Large Language Models (LLMs) often exhibit inconsistent robustness to input perturbations and demonstrate uneven proficiency across knowledge domains. While prior research has independently explored robustness and model understanding, this project investigates their intersection.
Core Research Question: Is a model’s lack of robustness to input variations indicative of a deeper lack of knowledge in the associated skill domain?
LLMs, while powerful, can be brittle—struggling with slightly reworded questions or specific domains. Understanding whether this brittleness is a symptom of shallow understanding can guide both evaluation practices and model improvement. By exploring the correlation between perturbation sensitivity and conceptual weakness, this research aims to:
- Illuminate blind spots in LLM capabilities.

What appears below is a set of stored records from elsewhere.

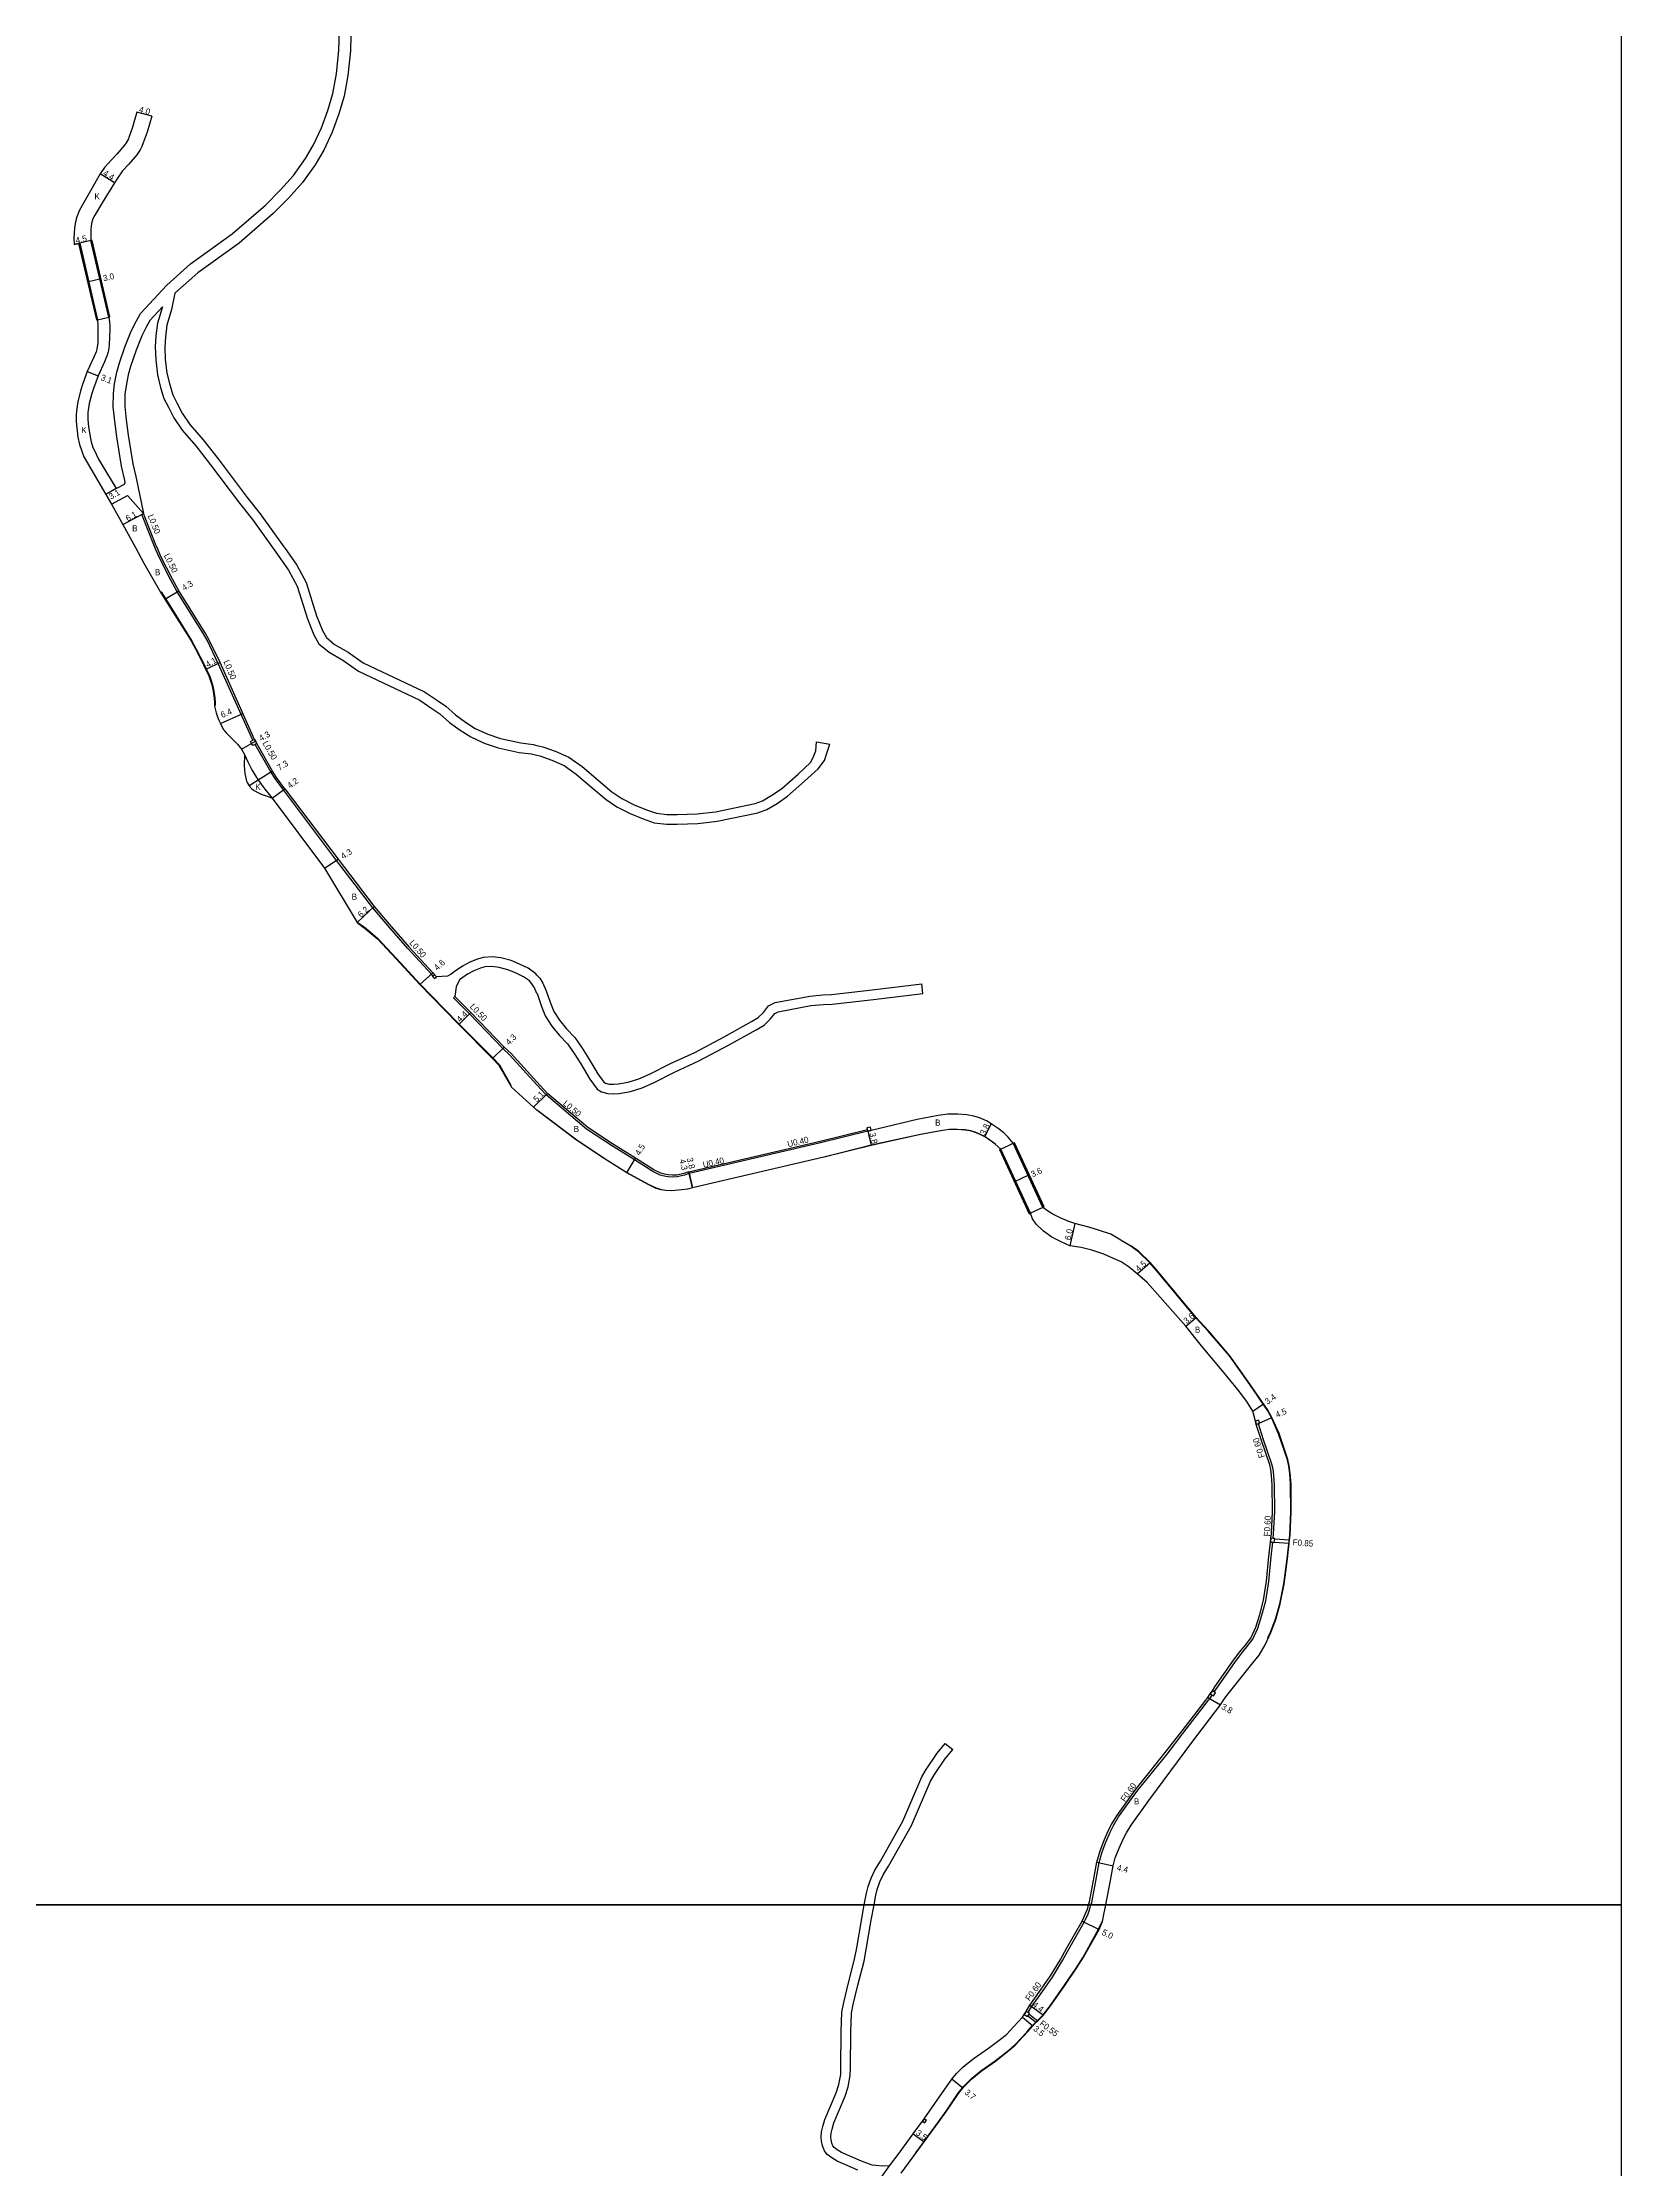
# Model space of a CAD drawing. Header units: metres. Extents: x -18400 to -16000, y -90000 to -87000.
# Drawn here: x -17211 to -16800, y -88269 to -87715 of the extents above; entities that cross this region are included whole.
import ezdxf

# ---------------------------------------------------------------- set-up
doc = ezdxf.new("R2010")
doc.units = ezdxf.units.M
doc.header["$LTSCALE"] = 2.5
for name, color, linetype in [('側溝・桝', 7, 'Continuous'), ('図郭', 7, 'Continuous'), ('幅員', 7, 'Continuous'), ('歩道・分離帯・安全施設', 7, 'Continuous'), ('舗装', 7, 'Continuous'), ('道路', 7, 'Continuous')]:
    doc.layers.add(name, color=color, linetype=linetype)
doc.styles.get("Standard").update_dxf_attribs({"font": ''})
doc.styles.get('Standard').set_extended_font_data('@MS PGothic')

msp = doc.modelspace()

# ---------------------------------------------------------------- linework, layer by layer
at = {"layer": '側溝・桝', "flags": 128}
for points in [[(-17181.7, -87846.75), (-17181.81, -87846.49), (-17185.12, -87838.14), (-17184.67, -87837.9)], [(-17156.2, -87896.93), (-17165.2, -87876.94), (-17165.2, -87876.93), (-17168.08, -87870.91), (-17169.06, -87869.18), (-17174.89, -87859.92), (-17175.88, -87858.28), (-17177.59, -87855.25), (-17180.58, -87849.3), (-17181.7, -87846.75)], [(-17109.27, -87958.28), (-17109.77, -87957.74), (-17115.88, -87951.11), (-17121.1, -87945.13), (-17124.99, -87940.49), (-17134.43, -87928.17), (-17148.28, -87909.84), (-17150.45, -87906.86), (-17151.52, -87905.17), (-17155.61, -87897.98)], [(-17103.61, -87963.58), (-17103.97, -87963.93), (-17099.83, -87968.14), (-17091.12, -87977.12), (-17089.38, -87978.76), (-17082.26, -87986.56)], [(-17042.66, -88009.7), (-17043.88, -88010.11), (-17045.79, -88010.56), (-17046.96, -88010.61), (-17048.14, -88010.54), (-17049.17, -88010.35), (-17050.19, -88010.06), (-17052.07, -88009.18), (-17056.89, -88006.08), (-17062.84, -88002.38), (-17069.34, -87998.1), (-17079.85, -87989.2), (-17082.26, -87986.56)], [(-16996.25, -87998.3), (-17008.54, -88001.33), (-17042.75, -88009.31)], [(-16890.65, -88104.64), (-16890.53, -88103.47), (-16890.23, -88097.64), (-16890.3, -88090.67), (-16890.47, -88088.19), (-16890.68, -88086.57), (-16890.99, -88085.33), (-16893.13, -88078.93), (-16894.46, -88074.83)], [(-16905.97, -88144.58), (-16905.33, -88143.61), (-16900.63, -88136.89), (-16898.92, -88134.57), (-16897.49, -88132.88), (-16895.98, -88130.86), (-16894.63, -88127.96), (-16893.57, -88124.61), (-16892.57, -88120.83), (-16891.77, -88115.87), (-16891.15, -88109.43), (-16890.75, -88105.63)], [(-16890.35, -88105.62), (-16886.46, -88105.87)], [(-16890.26, -88104.77), (-16886.37, -88105.02)], [(-16907.45, -88146.75), (-16907.14, -88146.36), (-16906.52, -88145.41)], [(-16938.07, -88200), (-16937.88, -88199.35), (-16936.81, -88193.79), (-16935.94, -88188.98), (-16935.14, -88186.16), (-16934.18, -88183.65), (-16933.12, -88181.11), (-16932.24, -88179.35), (-16930.88, -88177.11), (-16926.13, -88170.48), (-16918.26, -88160.75), (-16914.17, -88155.38), (-16907.45, -88146.75)], [(-16954.4, -88228.02), (-16954.39, -88228.01), (-16953.49, -88226.38), (-16951.76, -88224.02), (-16948.12, -88218.81), (-16945.52, -88214.47), (-16943.83, -88211.48), (-16939.82, -88204.48), (-16938.83, -88202.33), (-16938.36, -88201.02), (-16938.07, -88200)], [(-16954.19, -88228.43), (-16951.91, -88230.15)], [(-16954.49, -88228.89), (-16952.3, -88230.54)]]:
    msp.add_lwpolyline(points, dxfattribs=at)
for points in [[(-17156.81, -87897.27), (-17156.2, -87896.93), (-17155.76, -87896.68), (-17155.5, -87897.17), (-17155.18, -87897.73), (-17155.61, -87897.98), (-17156.22, -87898.32), (-17156.55, -87897.75)], [(-17109.42, -87958.42), (-17108.94, -87958.93), (-17108.43, -87958.46), (-17108.9, -87957.94), (-17109.27, -87958.28)], [(-16895.04, -88074.98), (-16894.46, -88074.83), (-16894.17, -88074.75), (-16894.41, -88073.88), (-16895.28, -88074.12)], [(-16891.35, -88105.57), (-16890.75, -88105.63), (-16890.36, -88105.67), (-16890.35, -88105.62), (-16890.26, -88104.77), (-16890.25, -88104.68), (-16890.65, -88104.64), (-16891.25, -88104.58)], [(-16907.02, -88145.08), (-16906.52, -88145.41), (-16906.19, -88145.63), (-16905.64, -88144.8), (-16905.97, -88144.58), (-16906.47, -88144.25)], [(-16955.45, -88228.54), (-16954.61, -88229.08), (-16954.49, -88228.89), (-16954.19, -88228.43), (-16954.07, -88228.24), (-16954.4, -88228.02), (-16954.91, -88227.7)], [(-16981.39, -88256.72), (-16980.92, -88256.08), (-16981.48, -88255.67), (-16981.95, -88256.31)]]:
    msp.add_lwpolyline(points, close=True, dxfattribs=at)
at = {"layer": '側溝・桝'}
msp.add_lwpolyline([(-16996.37, -87997.81), (-16996.15, -87998.68), (-16995.28, -87998.47), (-16995.49, -87997.6)], close=True, dxfattribs=at)
at = {"layer": '図郭'}
for points in [[(-17600, -88200), (-16800, -88200), (-16800, -87600), (-17600, -87600)], [(-17600, -88800), (-16800, -88800), (-16800, -88200), (-17600, -88200)]]:
    msp.add_lwpolyline(points, close=True, dxfattribs=at)
at = {"layer": '幅員', "flags": 128}
for points in [[(-17182.55, -87734.52), (-17186.4, -87733.43)], [(-17192.21, -87751.85), (-17195.94, -87749.51)], [(-17198.36, -87766.89), (-17202.75, -87767.91)], [(-17199.34, -87800.96), (-17196.45, -87802.08)], [(-17191.79, -87831.36), (-17194.46, -87832.93)], [(-17190.04, -87840.79), (-17184.67, -87837.9)], [(-17164.75, -87876.72), (-17168.44, -87878.51)], [(-17164.62, -87892.59), (-17158.79, -87889.96)], [(-17151.09, -87904.92), (-17157.2, -87908.82)], [(-17151.22, -87912), (-17147.88, -87909.54)], [(-17137.58, -87930.2), (-17134.03, -87927.87)], [(-17124.6, -87940.18), (-17129.1, -87944.36)], [(-17109.41, -87957.4), (-17112.75, -87960.48)], [(-17099.47, -87967.79), (-17102.61, -87970.88)], [(-17093.8, -87979.75), (-17090.77, -87976.77)], [(-16965.7, -88000.12), (-16964.02, -87996.71)], [(-17058.9, -88009.49), (-17056.63, -88005.66)], [(-17042.77, -88009.21), (-17041.8, -88013.4)], [(-17041.8, -88013.4), (-17042.66, -88009.7)], [(-16942.28, -88022.68), (-16943.61, -88028.53)], [(-16926.08, -88035.81), (-16922.71, -88032.83)], [(-16895.97, -88071.54), (-16893.17, -88069.61)], [(-16895.04, -88074.98), (-16890.98, -88073.16)], [(-16907.63, -88146.01), (-16904.35, -88147.92)], [(-16954, -88226.06), (-16950.45, -88228.66)], [(-16955.9, -88229.23), (-16953.21, -88231.47)]]:
    msp.add_lwpolyline(points, dxfattribs=at)
at = {"layer": '幅員'}
for points in [[(-17198.97, -87777.52), (-17196.04, -87776.84)], [(-17179.09, -87860.23), (-17175.45, -87858.03)], [(-17159.21, -87899.24), (-17155.5, -87897.17)], [(-17079.5, -87988.84), (-17083.17, -87992.39)], [(-16996.15, -87998.68), (-16995.29, -88002.39)], [(-16957.7, -88011.65), (-16954.43, -88010.14)], [(-16913.41, -88049.42), (-16910.66, -88047.1)], [(-16936.53, -88188.84), (-16932.29, -88189.82)], [(-16940.35, -88204.21), (-16935.93, -88206.42)], [(-16971.45, -88247.69), (-16974.27, -88245.37)], [(-16984.32, -88259.62), (-16981.49, -88261.68)]]:
    msp.add_lwpolyline(points, dxfattribs=at)
at = {"layer": '歩道・分離帯・安全施設', "flags": 128}
for points in [[(-17180.08, -87858.3), (-17177.86, -87861.87), (-17172.18, -87870.98), (-17170.93, -87873.19), (-17168.91, -87877.22), (-17168.27, -87878.5), (-17167.78, -87879.53), (-17167.54, -87880.09), (-17167.16, -87881.11), (-17166.81, -87882.21), (-17166.64, -87882.88), (-17166.4, -87884.13), (-17166.14, -87885.92), (-17166.05, -87887.1), (-17166.03, -87887.88)], [(-17128.92, -87944.31), (-17126.79, -87945.85), (-17123.71, -87948.5), (-17118.8, -87953.69), (-17112.64, -87960.38), (-17106.32, -87966.89), (-17102.5, -87970.77), (-17093.69, -87979.64)], [(-17093.69, -87979.64), (-17092.04, -87981.41), (-17089.03, -87986.64)], [(-17082.05, -87993.25), (-17071.89, -88000.87), (-17064.75, -88005.66), (-17058.84, -88009.4), (-17053.31, -88012.44), (-17051.24, -88013.43), (-17049.96, -88013.81), (-17048.72, -88013.96), (-17047.29, -88014.07), (-17045.45, -88013.94)], [(-17007.51, -88005.3), (-16995.32, -88002.24), (-16982.46, -87999.45), (-16977.2, -87998.43), (-16975.01, -87998.12), (-16972.87, -87998.09), (-16970.86, -87998.25), (-16969.46, -87998.5), (-16968.34, -87998.84), (-16966.9, -87999.41), (-16965.65, -88000.03), (-16964.67, -88000.69), (-16962.91, -88001.92)], [(-16892.04, -88130.5), (-16891.37, -88129.05), (-16890.06, -88125.66), (-16888.92, -88121.64), (-16887.9, -88116.48), (-16886.98, -88109.96), (-16886.34, -88103.8), (-16886.03, -88097.73), (-16886.1, -88090.5), (-16886.29, -88087.76), (-16886.55, -88085.8), (-16886.95, -88084.16), (-16889.23, -88077.37), (-16891.07, -88073.2), (-16892.23, -88071.14), (-16893.25, -88069.66), (-16894.84, -88067.37), (-16897.31, -88063.73), (-16902.02, -88057.15), (-16907.58, -88050.7), (-16910.77, -88047.2), (-16920.99, -88034.9), (-16922.79, -88032.9), (-16925.73, -88030.05), (-16927.72, -88028.59), (-16930.25, -88027.1)], [(-16983.69, -88264.49), (-16977.74, -88256.43), (-16975.79, -88253.64), (-16972.67, -88249), (-16971.15, -88247.16), (-16969.13, -88245.18), (-16966.71, -88243.15), (-16963.01, -88240.61), (-16959.48, -88237.82), (-16957.91, -88236.4), (-16955.87, -88234.3), (-16954.49, -88232.81), (-16953.29, -88231.41), (-16950.53, -88228.6), (-16948.67, -88226.23), (-16944.93, -88220.88), (-16941.97, -88216.44), (-16940.13, -88213.56), (-16936.08, -88206.34)], [(-16936.08, -88206.34), (-16935.14, -88204.31)]]:
    msp.add_lwpolyline(points, dxfattribs=at)
at = {"layer": '舗装', "flags": 128}
for points in [[(-17193.03, -87835.47), (-17188.86, -87833.2), (-17184.67, -87837.9)], [(-17158.36, -87900.62), (-17157.55, -87902.5), (-17156.45, -87904.63), (-17155.25, -87906.6), (-17154.05, -87908.35), (-17153.07, -87909.63), (-17151.22, -87912)], [(-16993.91, -88272.7), (-16990.55, -88267.88)]]:
    msp.add_lwpolyline(points, dxfattribs=at)
at = {"layer": '道路'}
msp.add_lwpolyline([(-17191.79, -87831.36), (-17189.65, -87830.28), (-17189.47, -87829.78), (-17189.64, -87828.91), (-17190.36, -87825.57), (-17191.65, -87817.92), (-17192.18, -87813.89), (-17192.53, -87810.18), (-17192.5, -87806.67), (-17192.19, -87804.18), (-17191.6, -87801.1), (-17190.88, -87798.71), (-17189.44, -87794.36), (-17187.86, -87790.44), (-17186.52, -87787.78), (-17185.43, -87785.87), (-17178.62, -87778.47), (-17172.43, -87772.95), (-17161.63, -87765.17), (-17152.94, -87757.65), (-17149.02, -87753.7), (-17145.66, -87749.93), (-17142.48, -87745.55), (-17140.44, -87741.96), (-17138.34, -87737.52), (-17136.66, -87732.99), (-17135.4, -87728.6), (-17134.47, -87723.45), (-17133.81, -87717.31), (-17133.6, -87709.63)], dxfattribs=at)
at = {"layer": '道路', "flags": 128}
for points in [[(-17130.6, -87709.69), (-17130.81, -87717.51), (-17131.5, -87723.88), (-17132.48, -87729.28), (-17133.81, -87733.92), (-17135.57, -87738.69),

- Improve evaluation strategies by combining robustness and knowledge profiling.
-
DOVE A dataset of prompt perturbations derived from multiple evaluation benchmarks. For each original question, DOVE provides numerous rephrased variants and corresponding model outputs.
-
EvalTree (on MMLU) A hierarchical evaluation framework that categorizes benchmark questions by skill type. EvalTree provides fine-grained performance metrics per skill and can generate new questions in a structured way.
-
Primary:
LLaMA3Chosen due to the availability of an existing EvalTree built on MMLU. -
Alternative:
OLMoEMay be considered for deeper trace-based analysis if needed, using tools such as OLMoE Trace.
-
Robustness Score: Measured as the model's success rate over DOVE-generated question perturbations.
-
Skill Accuracy: Taken from EvalTree’s category-wise evaluation of LLaMA3 on MMLU.
-
Robustness Assessment: Compare performance on original and perturbed questions from DOVE.
-
Category Proficiency Analysis: Correlate robustness scores with EvalTree’s domain-wise accuracy ratings.
-
Generalization Testing (optional): Use EvalTree to generate new questions and measure the model’s ability to generalize within high- and low-robustness domains.
- Select questions from MMLU that overlap with DOVE.
- Calculate robustness scores for each.
- Compare to category accuracy in EvalTree.
- Analyze trends or correlations between robustness and domain proficiency.
-
Use EvalTree’s generation methods to create new MCQs:
- From high-robustness categories.
- From low-robustness categories.
-
Evaluate LLaMA3's performance on these to test within-domain generalization.
- Construct a modified EvalTree where each node represents average robustness rather than accuracy.
- Analyze this “robustness tree” to uncover latent structural weaknesses or inconsistencies across domains.
.
├── Data/
│ ├── dove/ # Raw or processed Dove-related data
│ └── evaltree/ # Data related to EvalTree
├── ExtractDove/
│ ├── extract_dove.py # Scripts to extract or preprocess Dove data
│ └── ... # Additional scripts or configs
├── ExtractQuestion/
│ ├── extract_questions.py # Scripts to extract/generate questions
│ └── ... # Additional scripts or configs
├── EvalTree/ # Forked EvalTree project (converted to normal folder)
│ ├── src/ # (Example) source code from EvalTree
│ └── ... # Other contents from the EvalTree repo
├── README.md
└── requirements.txt-
Clone this repo.
-
Set up the environment:
pip install -r requirements.txt
-
Run analysis scripts in
/analysisto reproduce results from Phase 1 and Phase 2.
- All code assumes access to the LLaMA3 model with EvalTree support. You may substitute with OLMoE where traceability or tooling support is stronger.
- DOVE dataset must be preprocessed to align questions with EvalTree skill mappings.
This research builds on the foundation laid by the creators of DOVE, EvalTree, and MMLU. Special thanks to the teams behind LLaMA3 and OLMoE for making their models and tools available to the community.